PROBLEM STATEMENT: Could you repeat every line below exactly, skipping the images?

-----

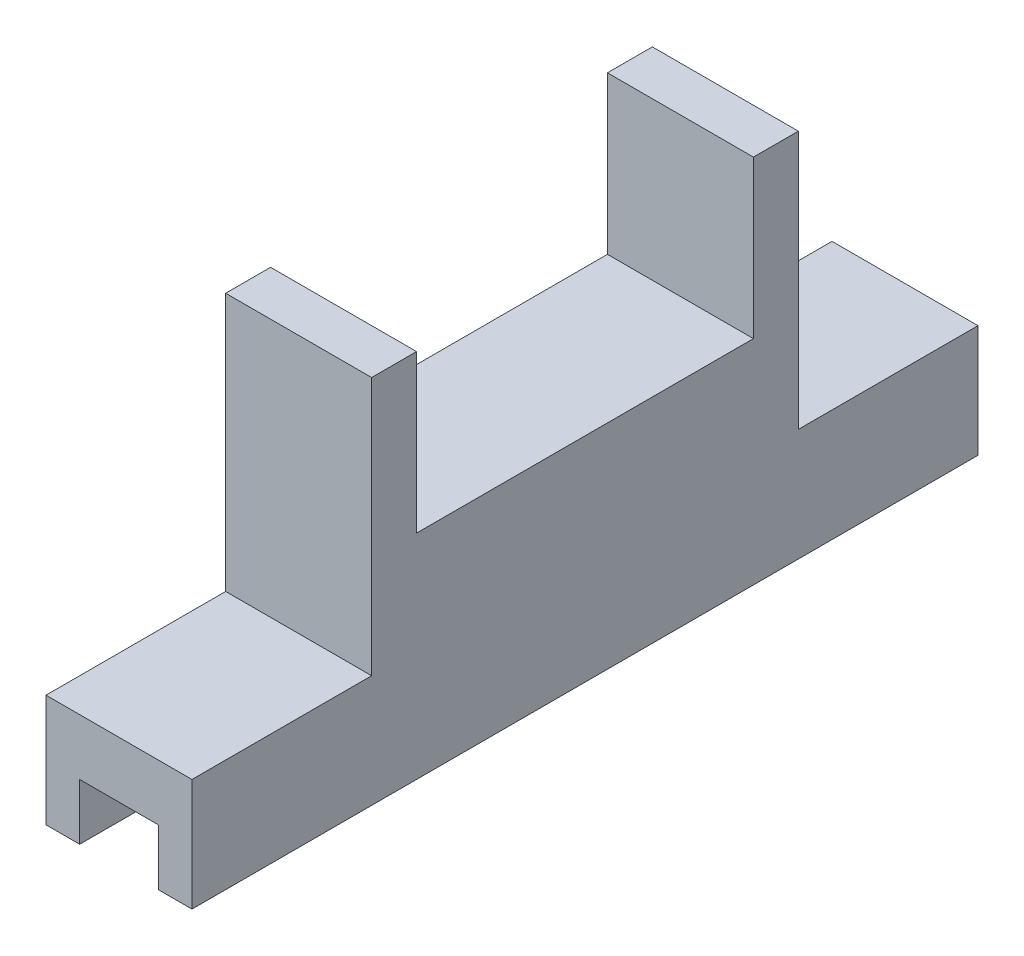
ISO-10303-21;
HEADER;
FILE_DESCRIPTION(('STEP AP214'),'2;1');
FILE_NAME('part.step','',(''),(''),'','','');
FILE_SCHEMA(('AUTOMOTIVE_DESIGN { 1 0 10303 214 1 1 1 1 }'));
ENDSEC;
DATA;
#1=APPLICATION_CONTEXT('core data for automotive mechanical design processes');
#2=APPLICATION_PROTOCOL_DEFINITION('international standard','automotive_design',2000,#1);
#3=PRODUCT_CONTEXT('',#1,'mechanical');
#4=PRODUCT('Part','Part','',(#3));
#5=PRODUCT_RELATED_PRODUCT_CATEGORY('part','',(#4));
#6=PRODUCT_DEFINITION_FORMATION('','',#4);
#7=PRODUCT_DEFINITION_CONTEXT('part definition',#1,'design');
#8=PRODUCT_DEFINITION('design','',#6,#7);
#9=PRODUCT_DEFINITION_SHAPE('','',#8);
#10=(LENGTH_UNIT() NAMED_UNIT(*) SI_UNIT(.MILLI.,.METRE.));
#11=(NAMED_UNIT(*) PLANE_ANGLE_UNIT() SI_UNIT($,.RADIAN.));
#12=(NAMED_UNIT(*) SI_UNIT($,.STERADIAN.) SOLID_ANGLE_UNIT());
#13=UNCERTAINTY_MEASURE_WITH_UNIT(LENGTH_MEASURE(1.E-05),#10,'distance_accuracy_value','');
#14=(GEOMETRIC_REPRESENTATION_CONTEXT(3) GLOBAL_UNCERTAINTY_ASSIGNED_CONTEXT((#13)) GLOBAL_UNIT_ASSIGNED_CONTEXT((#10,
#11,#12)) REPRESENTATION_CONTEXT('',''));
#15=CARTESIAN_POINT('',(0.,0.,0.));
#16=DIRECTION('',(0.,0.,1.));
#17=DIRECTION('',(1.,0.,0.));
#18=AXIS2_PLACEMENT_3D('',#15,#16,#17);
#19=CARTESIAN_POINT('',(0.,6.,0.));
#20=DIRECTION('',(0.,1.,0.));
#21=DIRECTION('',(0.,0.,1.));
#22=AXIS2_PLACEMENT_3D('',#19,#20,#21);
#23=PLANE('',#22);
#24=DIRECTION('',(0.,0.,-1.));
#25=VECTOR('',#24,1.);
#26=CARTESIAN_POINT('',(-15.6062671113895,6.,-27.7441860465116));
#27=LINE('',#26,#25);
#28=CARTESIAN_POINT('',(-15.6062671113895,6.,7.25581395348837));
#29=VERTEX_POINT('',#28);
#30=CARTESIAN_POINT('',(-15.6062671113895,6.,-0.744186046511637));
#31=VERTEX_POINT('',#30);
#32=EDGE_CURVE('E203',#29,#31,#27,.T.);
#33=ORIENTED_EDGE('',*,*,#32,.T.);
#34=DIRECTION('',(1.,0.,0.));
#35=VECTOR('',#34,1.);
#36=CARTESIAN_POINT('',(-15.6062671113895,6.,-0.744186046511637));
#37=LINE('',#36,#35);
#38=CARTESIAN_POINT('',(-22.1062671113895,6.,-0.744186046511637));
#39=VERTEX_POINT('',#38);
#40=EDGE_CURVE('E236',#39,#31,#37,.T.);
#41=ORIENTED_EDGE('',*,*,#40,.F.);
#42=DIRECTION('',(0.,0.,1.));
#43=VECTOR('',#42,1.);
#44=CARTESIAN_POINT('',(-22.1062671113895,6.,-27.7441860465116));
#45=LINE('',#44,#43);
#46=CARTESIAN_POINT('',(-22.1062671113895,6.,7.25581395348837));
#47=VERTEX_POINT('',#46);
#48=EDGE_CURVE('E197',#39,#47,#45,.T.);
#49=ORIENTED_EDGE('',*,*,#48,.T.);
#50=DIRECTION('',(1.,0.,0.));
#51=VECTOR('',#50,1.);
#52=CARTESIAN_POINT('',(-22.1062671113895,6.,7.25581395348837));
#53=LINE('',#52,#51);
#54=EDGE_CURVE('E200',#47,#29,#53,.T.);
#55=ORIENTED_EDGE('',*,*,#54,.T.);
#56=EDGE_LOOP('',(#33,#41,#49,#55));
#57=FACE_BOUND('',#56,.T.);
#58=ADVANCED_FACE('F34',(#57),#23,.T.);
#59=CARTESIAN_POINT('',(-22.1062671113895,6.,-27.7441860465116));
#60=VERTEX_POINT('',#59);
#61=CARTESIAN_POINT('',(-22.1062671113895,6.,-19.7441860465116));
#62=VERTEX_POINT('',#61);
#63=EDGE_CURVE('E198',#60,#62,#45,.T.);
#64=ORIENTED_EDGE('',*,*,#63,.T.);
#65=DIRECTION('',(-1.,0.,0.));
#66=VECTOR('',#65,1.);
#67=CARTESIAN_POINT('',(-15.6062671113895,6.,-19.7441860465116));
#68=LINE('',#67,#66);
#69=CARTESIAN_POINT('',(-15.6062671113895,6.,-19.7441860465116));
#70=VERTEX_POINT('',#69);
#71=EDGE_CURVE('E262',#70,#62,#68,.T.);
#72=ORIENTED_EDGE('',*,*,#71,.F.);
#73=CARTESIAN_POINT('',(-15.6062671113895,6.,-27.7441860465116));
#74=VERTEX_POINT('',#73);
#75=EDGE_CURVE('E202',#70,#74,#27,.T.);
#76=ORIENTED_EDGE('',*,*,#75,.T.);
#77=DIRECTION('',(-1.,0.,0.));
#78=VECTOR('',#77,1.);
#79=CARTESIAN_POINT('',(-22.1062671113895,6.,-27.7441860465116));
#80=LINE('',#79,#78);
#81=EDGE_CURVE('E57',#74,#60,#80,.T.);
#82=ORIENTED_EDGE('',*,*,#81,.T.);
#83=EDGE_LOOP('',(#64,#72,#76,#82));
#84=FACE_BOUND('',#83,.T.);
#85=ADVANCED_FACE('F287',(#84),#23,.T.);
#86=CARTESIAN_POINT('',(-22.1062671113895,6.,-27.7441860465116));
#87=DIRECTION('',(1.,0.,0.));
#88=DIRECTION('',(0.,0.,-1.));
#89=AXIS2_PLACEMENT_3D('',#86,#87,#88);
#90=PLANE('',#89);
#91=ORIENTED_EDGE('',*,*,#48,.F.);
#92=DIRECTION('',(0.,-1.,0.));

-----

WRITTEN RESPONSE:
ISO-10303-21;
HEADER;
FILE_DESCRIPTION(('STEP AP214'),'2;1');
FILE_NAME('part.step','',(''),(''),'','','');
FILE_SCHEMA(('AUTOMOTIVE_DESIGN { 1 0 10303 214 1 1 1 1 }'));
ENDSEC;
DATA;
#1=APPLICATION_CONTEXT('core data for automotive mechanical design processes');
#2=APPLICATION_PROTOCOL_DEFINITION('international standard','automotive_design',2000,#1);
#3=PRODUCT_CONTEXT('',#1,'mechanical');
#4=PRODUCT('Part','Part','',(#3));
#5=PRODUCT_RELATED_PRODUCT_CATEGORY('part','',(#4));
#6=PRODUCT_DEFINITION_FORMATION('','',#4);
#7=PRODUCT_DEFINITION_CONTEXT('part definition',#1,'design');
#8=PRODUCT_DEFINITION('design','',#6,#7);
#9=PRODUCT_DEFINITION_SHAPE('','',#8);
#10=(LENGTH_UNIT() NAMED_UNIT(*) SI_UNIT(.MILLI.,.METRE.));
#11=(NAMED_UNIT(*) PLANE_ANGLE_UNIT() SI_UNIT($,.RADIAN.));
#12=(NAMED_UNIT(*) SI_UNIT($,.STERADIAN.) SOLID_ANGLE_UNIT());
#13=UNCERTAINTY_MEASURE_WITH_UNIT(LENGTH_MEASURE(1.E-05),#10,'distance_accuracy_value','');
#14=(GEOMETRIC_REPRESENTATION_CONTEXT(3) GLOBAL_UNCERTAINTY_ASSIGNED_CONTEXT((#13)) GLOBAL_UNIT_ASSIGNED_CONTEXT((#10,
#11,#12)) REPRESENTATION_CONTEXT('',''));
#15=CARTESIAN_POINT('',(0.,0.,0.));
#16=DIRECTION('',(0.,0.,1.));
#17=DIRECTION('',(1.,0.,0.));
#18=AXIS2_PLACEMENT_3D('',#15,#16,#17);
#19=CARTESIAN_POINT('',(0.,6.,0.));
#20=DIRECTION('',(0.,1.,0.));
#21=DIRECTION('',(0.,0.,1.));
#22=AXIS2_PLACEMENT_3D('',#19,#20,#21);
#23=PLANE('',#22);
#24=DIRECTION('',(0.,0.,-1.));
#25=VECTOR('',#24,1.);
#26=CARTESIAN_POINT('',(-15.6062671113895,6.,-27.7441860465116));
#27=LINE('',#26,#25);
#28=CARTESIAN_POINT('',(-15.6062671113895,6.,7.25581395348837));
#29=VERTEX_POINT('',#28);
#30=CARTESIAN_POINT('',(-15.6062671113895,6.,-0.744186046511637));
#31=VERTEX_POINT('',#30);
#32=EDGE_CURVE('E203',#29,#31,#27,.T.);
#33=ORIENTED_EDGE('',*,*,#32,.T.);
#34=DIRECTION('',(1.,0.,0.));
#35=VECTOR('',#34,1.);
#36=CARTESIAN_POINT('',(-15.6062671113895,6.,-0.744186046511637));
#37=LINE('',#36,#35);
#38=CARTESIAN_POINT('',(-22.1062671113895,6.,-0.744186046511637));
#39=VERTEX_POINT('',#38);
#40=EDGE_CURVE('E236',#39,#31,#37,.T.);
#41=ORIENTED_EDGE('',*,*,#40,.F.);
#42=DIRECTION('',(0.,0.,1.));
#43=VECTOR('',#42,1.);
#44=CARTESIAN_POINT('',(-22.1062671113895,6.,-27.7441860465116));
#45=LINE('',#44,#43);
#46=CARTESIAN_POINT('',(-22.1062671113895,6.,7.25581395348837));
#47=VERTEX_POINT('',#46);
#48=EDGE_CURVE('E197',#39,#47,#45,.T.);
#49=ORIENTED_EDGE('',*,*,#48,.T.);
#50=DIRECTION('',(1.,0.,0.));
#51=VECTOR('',#50,1.);
#52=CARTESIAN_POINT('',(-22.1062671113895,6.,7.25581395348837));
#53=LINE('',#52,#51);
#54=EDGE_CURVE('E200',#47,#29,#53,.T.);
#55=ORIENTED_EDGE('',*,*,#54,.T.);
#56=EDGE_LOOP('',(#33,#41,#49,#55));
#57=FACE_BOUND('',#56,.T.);
#58=ADVANCED_FACE('F34',(#57),#23,.T.);
#59=CARTESIAN_POINT('',(-22.1062671113895,6.,-27.7441860465116));
#60=VERTEX_POINT('',#59);
#61=CARTESIAN_POINT('',(-22.1062671113895,6.,-19.7441860465116));
#62=VERTEX_POINT('',#61);
#63=EDGE_CURVE('E198',#60,#62,#45,.T.);
#64=ORIENTED_EDGE('',*,*,#63,.T.);
#65=DIRECTION('',(-1.,0.,0.));
#66=VECTOR('',#65,1.);
#67=CARTESIAN_POINT('',(-15.6062671113895,6.,-19.7441860465116));
#68=LINE('',#67,#66);
#69=CARTESIAN_POINT('',(-15.6062671113895,6.,-19.7441860465116));
#70=VERTEX_POINT('',#69);
#71=EDGE_CURVE('E262',#70,#62,#68,.T.);
#72=ORIENTED_EDGE('',*,*,#71,.F.);
#73=CARTESIAN_POINT('',(-15.6062671113895,6.,-27.7441860465116));
#74=VERTEX_POINT('',#73);
#75=EDGE_CURVE('E202',#70,#74,#27,.T.);
#76=ORIENTED_EDGE('',*,*,#75,.T.);
#77=DIRECTION('',(-1.,0.,0.));
#78=VECTOR('',#77,1.);
#79=CARTESIAN_POINT('',(-22.1062671113895,6.,-27.7441860465116));
#80=LINE('',#79,#78);
#81=EDGE_CURVE('E57',#74,#60,#80,.T.);
#82=ORIENTED_EDGE('',*,*,#81,.T.);
#83=EDGE_LOOP('',(#64,#72,#76,#82));
#84=FACE_BOUND('',#83,.T.);
#85=ADVANCED_FACE('F287',(#84),#23,.T.);
#86=CARTESIAN_POINT('',(-22.1062671113895,6.,-27.7441860465116));
#87=DIRECTION('',(1.,0.,0.));
#88=DIRECTION('',(0.,0.,-1.));
#89=AXIS2_PLACEMENT_3D('',#86,#87,#88);
#90=PLANE('',#89);
#91=ORIENTED_EDGE('',*,*,#48,.F.);
#92=DIRECTION('',(0.,-1.,0.));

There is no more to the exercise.